Yeah it will fit. The only problem you should run into is the rear deck has 6.5 inch speakers in it for stock, so you will have to either cut a new hole and re-drill screw holes or just mount them up with new screw holes. I cut an entire new hole in mine. It provides a cleaner look and sound.


----------



## Pr0udS3ntra0nw3r2002 (Nov 26, 2009)

sweet thanks for the reply =). if i would take it to a shop, would they charge me extra for cutting the rear to make them fit?


----------



## Nismomatt4527 (Sep 15, 2009)

Yeah most audio shops charge for all of the install. Everything they do has a price. Most shops would most likely charge for a riser and put the 6x9 on top of the rear deck just so they dont have to cut it, plus they can charge an inflated price for the extra parts. Its all a money game when talking about having an installer do work for you.


----------



## Pr0udS3ntra0nw3r2002 (Nov 26, 2009)

any estimates on how much it might cost me?


----------



## Nismomatt4527 (Sep 15, 2009)

It all depends on who you take it to. Also how you talk to them. These guys will take you for a ride if you sound like you dont know what you are talking about. Go to a reputable shop and just tell them what you have and what you need done. Shop around also, prices will vary. Shouldn't be more than a couple hundred bucks ($200-$300) for a full install.


----------



## Nismomatt4527 (Sep 15, 2009)

I am gonna contact a friend of mine that lived in Miami and see if he has any suggestions where to take your ride.


----------



## Pr0udS3ntra0nw3r2002 (Nov 26, 2009)

thanks man i appreciate that.


----------



## Nismomatt4527 (Sep 15, 2009)

I was told Manny's Auto Sound is one of the best around Miami. You may try and see how much.
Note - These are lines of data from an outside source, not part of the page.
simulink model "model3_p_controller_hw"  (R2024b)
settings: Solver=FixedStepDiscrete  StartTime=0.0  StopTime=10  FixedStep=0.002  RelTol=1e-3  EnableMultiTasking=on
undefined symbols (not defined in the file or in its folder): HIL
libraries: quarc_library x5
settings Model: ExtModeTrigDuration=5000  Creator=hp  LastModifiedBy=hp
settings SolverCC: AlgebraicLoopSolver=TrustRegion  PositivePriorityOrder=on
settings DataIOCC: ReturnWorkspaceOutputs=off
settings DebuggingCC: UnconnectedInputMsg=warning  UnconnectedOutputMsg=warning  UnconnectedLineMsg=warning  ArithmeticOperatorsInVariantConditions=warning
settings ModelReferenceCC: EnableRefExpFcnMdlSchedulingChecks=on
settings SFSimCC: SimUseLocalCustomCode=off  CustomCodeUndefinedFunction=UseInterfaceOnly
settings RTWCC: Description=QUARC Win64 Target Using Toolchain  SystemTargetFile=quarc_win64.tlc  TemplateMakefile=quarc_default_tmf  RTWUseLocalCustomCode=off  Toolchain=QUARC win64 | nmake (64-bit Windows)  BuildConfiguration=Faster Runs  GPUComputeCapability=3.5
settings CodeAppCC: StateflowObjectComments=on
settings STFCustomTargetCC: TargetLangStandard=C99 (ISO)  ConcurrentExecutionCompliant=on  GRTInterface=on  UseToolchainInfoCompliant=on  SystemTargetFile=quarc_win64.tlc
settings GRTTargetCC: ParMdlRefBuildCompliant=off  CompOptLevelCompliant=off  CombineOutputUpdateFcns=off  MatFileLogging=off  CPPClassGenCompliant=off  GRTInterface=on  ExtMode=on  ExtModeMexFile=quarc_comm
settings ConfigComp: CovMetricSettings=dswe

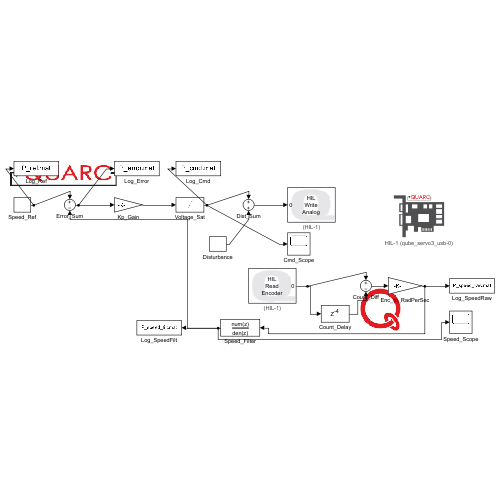
[thumbnail: Simulink's stored preview of the top-level diagram]
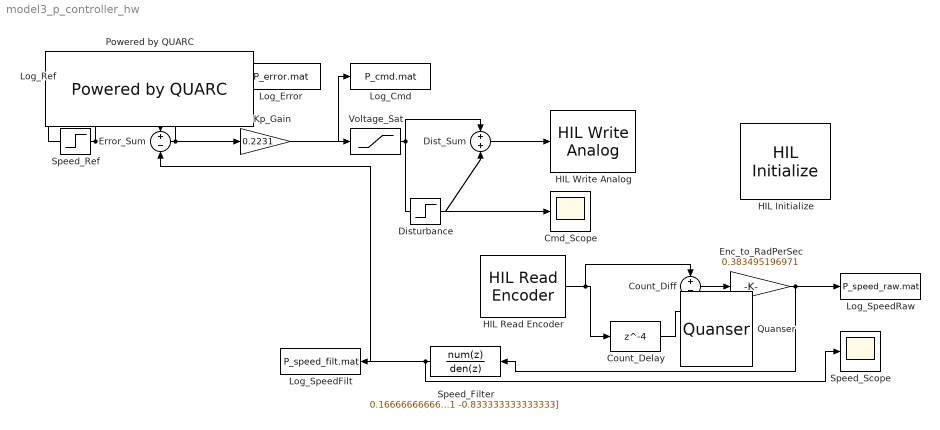
== system model3_p_controller_hw ==
  Cmd_Scope : Scope
  Count_Delay : Delay  DelayLength=4  InitialCondition=0  SampleTime=0.002
  Count_Diff : Sum  Inputs=+-
  Dist_Sum : Sum
  Disturbance : Step  Time=5  After=0.5  SampleTime=0
  Enc_to_RadPerSec : Gain  Gain=0.383495196971
  Error_Sum : Sum  Inputs=+-
  HIL Initialize : quarc_library/Data Acquisition/Generic/Configuration/HIL Initialize  object_name=HIL-1  board_type=qube_servo3_usb  board_number=0  board_options=""  exclusive=off  active=on  hardware_clocks=[0]  clock_modes=[]  initial_clock_frequencies=[]  set_clock_params_at_start=off  set_clock_params_at_switch_in=off  set_clock_frequencies_at_start=off  set_clock_frequencies_at_switch_in=off  analog_input_channels=[0]  analog_input_configurations=[]  analog_input_maximums=3  analog_input_minimums=-3  set_analog_input_params_at_start=off  set_analog_input_params_at_switch_in=off  analog_output_channels=[0]  analog_output_maximums=15  analog_output_minimums=-15  initial_analog_outputs=[0]  final_analog_outputs=[0]  watchdog_analog_outputs=0  set_analog_output_params_at_start=off  set_analog_output_params_at_switch_in=off  set_analog_outputs_at_start=on  set_analog_outputs_at_switch_in=off  set_analog_outputs_at_terminate=on  set_analog_outputs_at_switch_out=off  set_analog_outputs_on_watchdog=on  digital_input_channels=[]  digital_output_channels=[0]  digital_output_configuration=[]  initial_digital_outputs=[1]  final_digital_outputs=[0]  watchdog_digital_outputs=[0]  set_digital_output_params_at_start=off  set_digital_output_params_at_switch_in=off  set_digital_outputs_at_start=on  set_digital_outputs_at_switch_in=off  set_digital_outputs_at_terminate=on  set_digital_outputs_at_switch_out=off  set_digital_outputs_on_watchdog=on  encoder_channels=[0:1]  quadrature=[4]  encoder_filter_frequency=[]  initial_encoder_counts=[0]  set_encoder_params_at_start=off  set_encoder_params_at_switch_in=off  set_encoder_counts_at_start=on  set_encoder_counts_at_switch_in=off  pwm_channels=[]  pwm_modes=[0]  pwm_frequency=23195  pwm_configuration=[1]  pwm_alignment=[0]  pwm_polarity=[1]  pwm_leading_deadband=[0]  pwm_trailing_deadband=[0]  initial_pwm_outputs=[0]  final_pwm_outputs=[0]  watchdog_pwm_outputs=[]  set_pwm_params_at_start=off  set_pwm_params_at_switch_in=off  set_pwm_outputs_at_start=off  set_pwm_outputs_at_switch_in=off  set_pwm_outputs_at_terminate=off  set_pwm_outputs_at_switch_out=off  set_pwm_outputs_on_watchdog=off  other_output_channels=[11000:11002]  initial_other_outputs=[0 1 0]  final_other_outputs=[1 0 0]  watchdog_other_outputs=[0 0 1]  set_other_outputs_at_start=on  set_other_outputs_at_switch_in=off  set_other_outputs_at_terminate=on  set_other_outputs_at_switch_out=off  set_other_outputs_on_watchdog=on
  HIL Read Encoder : quarc_library/Data Acquisition/Generic/Immediate I//O/HIL Read Encoder  object_name=HIL-1  channels=0  sample_time=qc_get_step_size  active=on  vector_output=off  data_type_mode=Inherit via back propagation  data_type=double
  HIL Write Analog : quarc_library/Data Acquisition/Generic/Immediate I//O/HIL Write Analog  object_name=HIL-1  channels=0  sample_time=-1  active=off  vector_input=off
  Kp_Gain : Gain  Gain=0.2231
  Log_Cmd : ToFile  Filename=P_cmd.mat  MatrixName=P_cmd  SampleTime=0.002
  Log_Error : ToFile  Filename=P_error.mat  MatrixName=P_error  SampleTime=0.002
  Log_Ref : ToFile  Filename=P_ref.mat  MatrixName=P_ref  SampleTime=0.002
  Log_SpeedFilt : ToFile  Filename=P_speed_filt.mat  MatrixName=P_speed_filt  SampleTime=0.002
  Log_SpeedRaw : ToFile  Filename=P_speed_raw.mat  MatrixName=P_speed_raw  SampleTime=0.002
  Powered by QUARC : quarc_library/Logos/Powered by QUARC
  Quanser : quarc_library/Logos/Quanser
  Speed_Filter : DiscreteFilter  Numerator=0.166666666666667  Denominator=[1 -0.833333333333333]  SampleTime=0.002
  Speed_Ref : Step  After=50  SampleTime=0
  Speed_Scope : Scope
  Voltage_Sat : Saturate  UpperLimit=10  LowerLimit=-10
  wires:
  Speed_Ref/1 -> Error_Sum/1, Log_Ref/1
  Error_Sum/1 -> Kp_Gain/1, Log_Error/1
  Kp_Gain/1 -> Voltage_Sat/1
  Voltage_Sat/1 -> Dist_Sum/1, Log_Cmd/1, Cmd_Scope/1
  Disturbance/1 -> Dist_Sum/2
  Dist_Sum/1 -> HIL Write Analog/1
  HIL Read Encoder/1 -> Count_Delay/1, Count_Diff/1
  Count_Delay/1 -> Count_Diff/2
  Count_Diff/1 -> Enc_to_RadPerSec/1
  Enc_to_RadPerSec/1 -> Speed_Filter/1, Log_SpeedRaw/1
  Speed_Filter/1 -> Error_Sum/2, Log_SpeedFilt/1, Speed_Scope/1

Its worth a shot.


----------



## Pr0udS3ntra0nw3r2002 (Nov 26, 2009)

sweet thanks man. i'll definitely give them a call and check it out.


----------



## Pr0udS3ntra0nw3r2002 (Nov 26, 2009)

sweeet my audio system came in today. the 6"x9" speakers are 300 watts each and the 6.5" are 190 watts each. i think thats pretty good right? lol im not really ssure if thats enough for some great ssound....now just gotta find the time and money to get them installed lol


----------



## Pr0udS3ntra0nw3r2002 (Nov 26, 2009)

alright well i found a place that will do my complete system for about $110. Im going to see if i can hook it up this saturday and i'll have pics posted up by then =)


----------



## Pr0udS3ntra0nw3r2002 (Nov 26, 2009)

well i just got done installing my stereo and 2 speakers in the front for a total of $85. couldnt install the 6x9" speakers in the back cause of the seatbelt compartment underneath was blocking the way and it would've costed me alot more. soooooooooo....imma check now if any of my uncles can make me a box and install them in the trunk for me now lol...dont want to get rid of the 6x9 3way speakers but if i got to then imma put em up for bid on ebay.


----------